Vector borne and zoonotic diseases (Larchmont, N.Y.) (Impact Factor: 2.53). 03/2011; 11(6):789-92. DOI: 10.1089/vbz.2010.0028
Source: PubMed

ABSTRACT Dengue fever is currently one of the most important mosquito-borne diseases that affect humans. With neither vaccines nor treatment available, prevention of the disease relies heavily on surveillance and control of mosquito vectors. In the present study, we have evaluated and showed the potential use of the Dengue NS1 Ag Strip(®) for the detection of dengue virus (DENV) in Aedes aegypti. Initial results showed that the sensitivity of the test kit in detecting DENV in wild-caught mosquitoes is comparable to that of real-time reverse transcriptase-polymerase chain reaction.

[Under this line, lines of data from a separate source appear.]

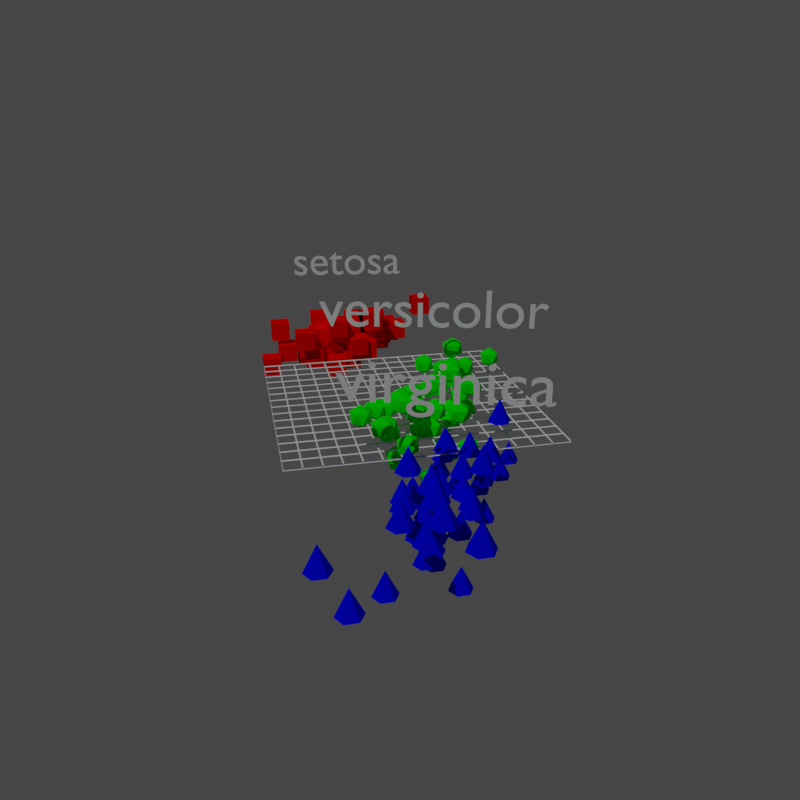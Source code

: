 # Source: launch.blend  (saved by Blender 2.93.20; exported with 4.5.12 LTS)
import bpy
from mathutils import Matrix  # noqa: F401  (used for matrix-valued properties, if any)

bpy.ops.wm.read_factory_settings(use_empty=True)
scene = bpy.context.scene
scene.name = 'Scene'

# ---- collections
col_collection = bpy.data.collections.new('Collection'); scene.collection.children.link(col_collection)

# ---- materials (node trees are filled in below, after node groups)
mat_scattermaterial_0_002 = bpy.data.materials.new('ScatterMaterial 0.002')
mat_scattermaterial_0_002.use_transparent_shadow = False
mat_scattermaterial_0_002.diffuse_color = (1.0, 0.0, 0.0, 1.0)
mat_scattermaterial_0_002.specular_intensity = 0.0
mat_scattermaterial_1_002 = bpy.data.materials.new('ScatterMaterial 1.002')
mat_scattermaterial_1_002.use_transparent_shadow = False
mat_scattermaterial_1_002.diffuse_color = (0.0, 1.0, 0.0, 1.0)
mat_scattermaterial_1_002.specular_intensity = 0.0
mat_scattermaterial_2_002 = bpy.data.materials.new('ScatterMaterial 2.002')
mat_scattermaterial_2_002.use_transparent_shadow = False
mat_scattermaterial_2_002.diffuse_color = (0.0, 0.0, 1.0, 1.0)
mat_scattermaterial_2_002.specular_intensity = 0.0
mat_gridmaterial_001 = bpy.data.materials.new('GridMaterial.001')
mat_gridmaterial_001.use_transparent_shadow = False

# ---- material node trees

# ---- world
world_world = bpy.data.worlds.new('World'); scene.world = world_world
world_world.use_nodes = True; world_world.node_tree.nodes.clear()
_N = world_world.node_tree.nodes; _L = world_world.node_tree.links
n0 = _N.new('ShaderNodeOutputWorld'); n0.name = 'World Output'; n0.location = (300, 300)
n1 = _N.new('ShaderNodeBackground'); n1.name = 'Background'; n1.location = (10, 300)
n1.inputs[0].default_value = (0.05088, 0.05088, 0.05088, 1.0)
_L.new(n1.outputs[0], n0.inputs[0])
n0.is_active_output = True
world_world.color = (0.05088, 0.05088, 0.05088)
world_world.use_sun_shadow = False
world_world.sun_shadow_jitter_overblur = 0.0

# ---- cameras
cam_camera_002 = bpy.data.cameras.new('Camera.002')
cam_camera_002.clip_end = 200.0
cam_camera_002.lens = 35.0

# ---- lights
light_light_002 = bpy.data.lights.new('Light.002', 'SUN')
light_light_002.transmission_factor = 0.0
light_light_002.energy = 1.0
light_light_002.shadow_soft_size = 0.25

# ---- meshes
me_scattermesh_0_002 = bpy.data.meshes.new('ScatterMesh 0.002')
me_scattermesh_0_002.from_pydata([(2.559, 0.2016, -0.1035), (2.559, 0.2016, 0.1465), (2.559, 0.4516, -0.1035), (2.559, 0.4516, 0.1465), (2.809, 0.2016, -0.1035), (2.809, 0.2016, 0.1465), (2.809, 0.4516, -0.1035), (2.809, 0.4516, 0.1465), (2.59, -0.2946, 0.07852), (2.59, -0.2946, 0.3285), (2.59, -0.04456, 0.07852), (2.59, -0.04456, 0.3285), (2.84, -0.2946, 0.07852), (2.84, -0.2946, 0.3285), (2.84, -0.04456, 0.07852), (2.84, -0.04456, 0.3285), (2.765, -0.2623, -0.1497), (2.765, -0.2623, 0.1003), (2.765, -0.01235, -0.1497), (2.765, -0.01235, 0.1003), (3.015, -0.2623, -0.1497), (3.015, -0.2623, 0.1003), (3.015, -0.01235, -0.1497), (3.015, -0.01235, 0.1003), (2.621, -0.4361, -0.1627), (2.621, -0.4361, 0.08733), (2.621, -0.1861, -0.1627), (2.621, -0.1861, 0.08733), (2.871, -0.4361, -0.1627), (2.871, -0.4361, 0.08733), (2.871, -0.1861, -0.1627), (2.871, -0.1861, 0.08733), (2.604, 0.2089, -0.2212), (2.604, 0.2089, 0.02877), (2.604, 0.4589, -0.2212), (2.604, 0.4589, 0.02877), (2.854, 0.2089, -0.2212), (2.854, 0.2089, 0.02877), (2.854, 0.4589, -0.2212), (2.854, 0.4589, 0.02877), (2.155, 0.6228, -0.2993), (2.155, 0.6228, -0.04933), (2.155, 0.8728, -0.2993), (2.155, 0.8728, -0.04933), (2.405, 0.6228, -0.2993), (2.405, 0.6228, -0.04933), (2.405, 0.8728, -0.2993), (2.405, 0.8728, -0.04933), (2.696, -0.2071, -0.3893), (2.696, -0.2071, -0.1393), (2.696, 0.0429, -0.3893), (2.696, 0.0429, -0.1393), (2.946, -0.2071, -0.3893), (2.946, -0.2071, -0.1393), (2.946, 0.0429, -0.3893), (2.946, 0.0429, -0.1393), (2.501, 0.04541, -0.1092), (2.501, 0.04541, 0.1408), (2.501, 0.2954, -0.1092), (2.501, 0.2954, 0.1408), (2.751, 0.04541, -0.1092), (2.751, 0.04541, 0.1408), (2.751, 0.2954, -0.1092), (2.751, 0.2954, 0.1408), (2.763, -0.6958, -0.1523), (2.763, -0.6958, 0.09766), (2.763, -0.4458, -0.1523), (2.763, -0.4458, 0.09766), (3.013, -0.6958, -0.1523), (3.013, -0.6958, 0.09766), (3.013, -0.4458, -0.1523), (3.013, -0.4458, 0.09766), (2.549, -0.2317, 0.06653), (2.549, -0.2317, 0.3165), (2.549, 0.01831, 0.06653), (2.549, 0.01831, 0.3165), (2.799, -0.2317, 0.06653), (2.799, -0.2317, 0.3165), (2.799, 0.01831, 0.06653), (2.799, 0.01831, 0.3165), (2.382, 0.5269, -0.05573), (2.382, 0.5269, 0.1943), (2.382, 0.7769, -0.05573), (2.382, 0.7769, 0.1943), (2.632, 0.5269, -0.05573), (2.632, 0.5269, 0.1943), (2.632, 0.7769, -0.05573), (2.632, 0.7769, 0.1943), (2.488, -0.1035, -0.2327), (2.488, -0.1035, 0.01735), (2.488, 0.1465, -0.2327), (2.488, 0.1465, 0.01735), (2.738, -0.1035, -0.2327), (2.738, -0.1035, 0.01735), (2.738, 0.1465, -0.2327), (2.738, 0.1465, 0.01735), (2.662, -0.3527, 0.07533), (2.662, -0.3527, 0.3253), (2.662, -0.1027, 0.07533), (2.662, -0.1027, 0.3253), (2.912, -0.3527, 0.07533), (2.912, -0.3527, 0.3253), (2.912, -0.1027, 0.07533), (2.912, -0.1027, 0.3253), (3.1, -0.6283, -0.1934), (3.1, -0.6283, 0.05659), (3.1, -0.3783, -0.1934), (3.1, -0.3783, 0.05659), (3.35, -0.6283, -0.1934), (3.35, -0.6283, 0.05659), (3.35, -0.3783, -0.1934), (3.35, -0.3783, 0.05659), (2.519, 1.061, 0.01951), (2.519, 1.061, 0.2695), (2.519, 1.311, 0.01951), (2.519, 1.311, 0.2695), (2.769, 1.061, 0.01951), (2.769, 1.061, 0.2695), (2.769, 1.311, 0.01951), (2.769, 1.311, 0.2695), (2.259, 1.22, -0.4087), (2.259, 1.22, -0.1587), (2.259, 1.47, -0.4087), (2.259, 1.47, -0.1587), (2.509, 1.22, -0.4087), (2.509, 1.22, -0.1587), (2.509, 1.47, -0.4087), (2.509, 1.47, -0.1587), (2.498, 0.6931, -0.2703), (2.498, 0.6931, -0.02032), (2.498, 0.9431, -0.2703), (2.498, 0.9431, -0.02032), (2.748, 0.6931, -0.2703), (2.748, 0.6931, -0.02032), (2.748, 0.9431, -0.2703), (2.748, 0.9431, -0.02032), (2.523, 0.1941, -0.1584), (2.523, 0.1941, 0.09161), (2.523, 0.4441, -0.1584), (2.523, 0.4441, 0.09161), (2.773, 0.1941, -0.1584), (2.773, 0.1941, 0.09161), (2.773, 0.4441, -0.1584), (2.773, 0.4441, 0.09161), (2.074, 0.7542, -0.01048), (2.074, 0.7542, 0.2395), (2.074, 1.004, -0.01048), (2.074, 1.004, 0.2395), (2.324, 0.7542, -0.01048), (2.324, 0.7542, 0.2395), (2.324, 1.004, -0.01048), (2.324, 1.004, 0.2395), (2.462, 0.3955, -0.3446), (2.462, 0.3955, -0.09457), (2.462, 0.6455, -0.3446), (2.462, 0.6455, -0.09457), (2.712, 0.3955, -0.3446), (2.712, 0.3955, -0.09457), (2.712, 0.6455, -0.3446), (2.712, 0.6455, -0.09457), (2.186, 0.2729, 0.1087), (2.186, 0.2729, 0.3587), (2.186, 0.5229, 0.1087), (2.186, 0.5229, 0.3587), (2.436, 0.2729, 0.1087), (2.436, 0.2729, 0.3587), (2.436, 0.5229, 0.1087), (2.436, 0.5229, 0.3587), (2.418, 0.315, -0.3398), (2.418, 0.315, -0.08984), (2.418, 0.565, -0.3398), (2.418, 0.565, -0.08984), (2.668, 0.315, -0.3398), (2.668, 0.315, -0.08984), (2.668, 0.565, -0.3398), (2.668, 0.565, -0.08984), (3.091, 0.01662, -0.4246), (3.091, 0.01662, -0.1746), (3.091, 0.2666, -0.4246), (3.091, 0.2666, -0.1746), (3.341, 0.01662, -0.4246), (3.341, 0.01662, -0.1746), (3.341, 0.2666, -0.4246), (3.341, 0.2666, -0.1746), (2.178, -0.01948, -0.1707), (2.178, -0.01948, 0.07932), (2.178, 0.2305, -0.1707), (2.178, 0.2305, 0.07932), (2.428, -0.01948, -0.1707), (2.428, -0.01948, 0.07932), (2.428, 0.2305, -0.1707), (2.428, 0.2305, 0.07932), (2.231, -0.1562, -0.2544), (2.231, -0.1562, -0.004408), (2.231, 0.09379, -0.2544), (2.231, 0.09379, -0.004408), (2.481, -0.1562, -0.2544), (2.481, -0.1562, -0.004408), (2.481, 0.09379, -0.2544), (2.481, 0.09379, -0.004408), (2.383, -0.2641, 0.1221), (2.383, -0.2641, 0.3721), (2.383, -0.01406, 0.1221), (2.383, -0.01406, 0.3721), (2.633, -0.2641, 0.1221), (2.633, -0.2641, 0.3721), (2.633, -0.01406, 0.1221), (2.633, -0.01406, 0.3721), (2.344, 0.01289, -0.2263), (2.344, 0.01289, 0.02374), (2.344, 0.2629, -0.2263), (2.344, 0.2629, 0.02374), (2.594, 0.01289, -0.2263), (2.594, 0.01289, 0.02374), (2.594, 0.2629, -0.2263), (2.594, 0.2629, 0.02374), (2.437, 0.2497, -0.05264), (2.437, 0.2497, 0.1974), (2.437, 0.4997, -0.05264), (2.437, 0.4997, 0.1974), (2.687, 0.2497, -0.05264), (2.687, 0.2497, 0.1974), (2.687, 0.4997, -0.05264), (2.687, 0.4997, 0.1974), (2.515, 0.1943, 0.01425), (2.515, 0.1943, 0.2643), (2.515, 0.4443, 0.01425), (2.515, 0.4443, 0.2643), (2.765, 0.1943, 0.01425), (2.765, 0.1943, 0.2643), (2.765, 0.4443, 0.01425), (2.765, 0.4443, 0.2643), (2.508, -0.3151, -0.1715), (2.508, -0.3151, 0.07853), (2.508, -0.06508, -0.1715), (2.508, -0.06508, 0.07853), (2.758, -0.3151, -0.1715), (2.758, -0.3151, 0.07853), (2.758, -0.06508, -0.1715), (2.758, -0.06508, 0.07853), (2.463, -0.3224, -0.05372), (2.463, -0.3224, 0.1963), (2.463, -0.07239, -0.05372), (2.463, -0.07239, 0.1963), (2.713, -0.3224, -0.05372), (2.713, -0.3224, 0.1963), (2.713, -0.07239, -0.05372), (2.713, -0.07239, 0.1963), (2.285, 0.2931, 0.01339), (2.285, 0.2931, 0.2634), (2.285, 0.5431, 0.01339), (2.285, 0.5431, 0.2634), (2.535, 0.2931, 0.01339), (2.535, 0.2931, 0.2634), (2.535, 0.5431, 0.01339), (2.535, 0.5431, 0.2634), (2.523, 0.695, -0.3556), (2.523, 0.695, -0.1056), (2.523, 0.945, -0.3556), (2.523, 0.945, -0.1056), (2.773, 0.695, -0.3556), (2.773, 0.695, -0.1056), (2.773, 0.945, -0.3556), (2.773, 0.945, -0.1056), (2.472, 0.975, -0.2886), (2.472, 0.975, -0.03858), (2.472, 1.225, -0.2886), (2.472, 1.225, -0.03858), (2.722, 0.975, -0.2886), (2.722, 0.975, -0.03858), (2.722, 1.225, -0.2886), (2.722, 1.225, -0.03858), (2.549, -0.2317, 0.06653), (2.549, -0.2317, 0.3165), (2.549, 0.01831, 0.06653), (2.549, 0.01831, 0.3165), (2.799, -0.2317, 0.06653), (2.799, -0.2317, 0.3165), (2.799, 0.01831, 0.06653), (2.799, 0.01831, 0.3165), (2.742, -0.04781, 0.03184), (2.742, -0.04781, 0.2818), (2.742, 0.2022, 0.03184), (2.742, 0.2022, 0.2818), (2.992, -0.04781, 0.03184), (2.992, -0.04781, 0.2818), (2.992, 0.2022, 0.03184), (2.992, 0.2022, 0.2818), (2.5, 0.4818, 0.1362), (2.5, 0.4818, 0.3862), (2.5, 0.7318, 0.1362), (2.5, 0.7318, 0.3862), (2.75, 0.4818, 0.1362), (2.75, 0.4818, 0.3862), (2.75, 0.7318, 0.1362), (2.75, 0.7318, 0.3862), (2.549, -0.2317, 0.06653), (2.549, -0.2317, 0.3165), (2.549, 0.01831, 0.06653), (2.549, 0.01831, 0.3165), (2.799, -0.2317, 0.06653), (2.799, -0.2317, 0.3165), (2.799, 0.01831, 0.06653), (2.799, 0.01831, 0.3165), (2.857, -0.6053, -0.2047), (2.857, -0.6053, 0.04528), (2.857, -0.3553, -0.2047), (2.857, -0.3553, 0.04528), (3.107, -0.6053, -0.2047), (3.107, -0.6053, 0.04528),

The detection of naturally infected Ae. aegypti with the NS1 rapid test kit in our dengue cluster investigation further illustrates its potential use for surveillance of DENV in wild mosquito populations. The kit can easily be used in a simple field station, and minimal training is required. The results can be obtained in less than an hour. Employment of the kit in the field could help guide mosquito control operations in the prioritization of resources in controlling the transmission of DENV. In this study the potential of the kit for field surveillance of infected dengue vectors, which are epidemiologically important, has been demonstrated.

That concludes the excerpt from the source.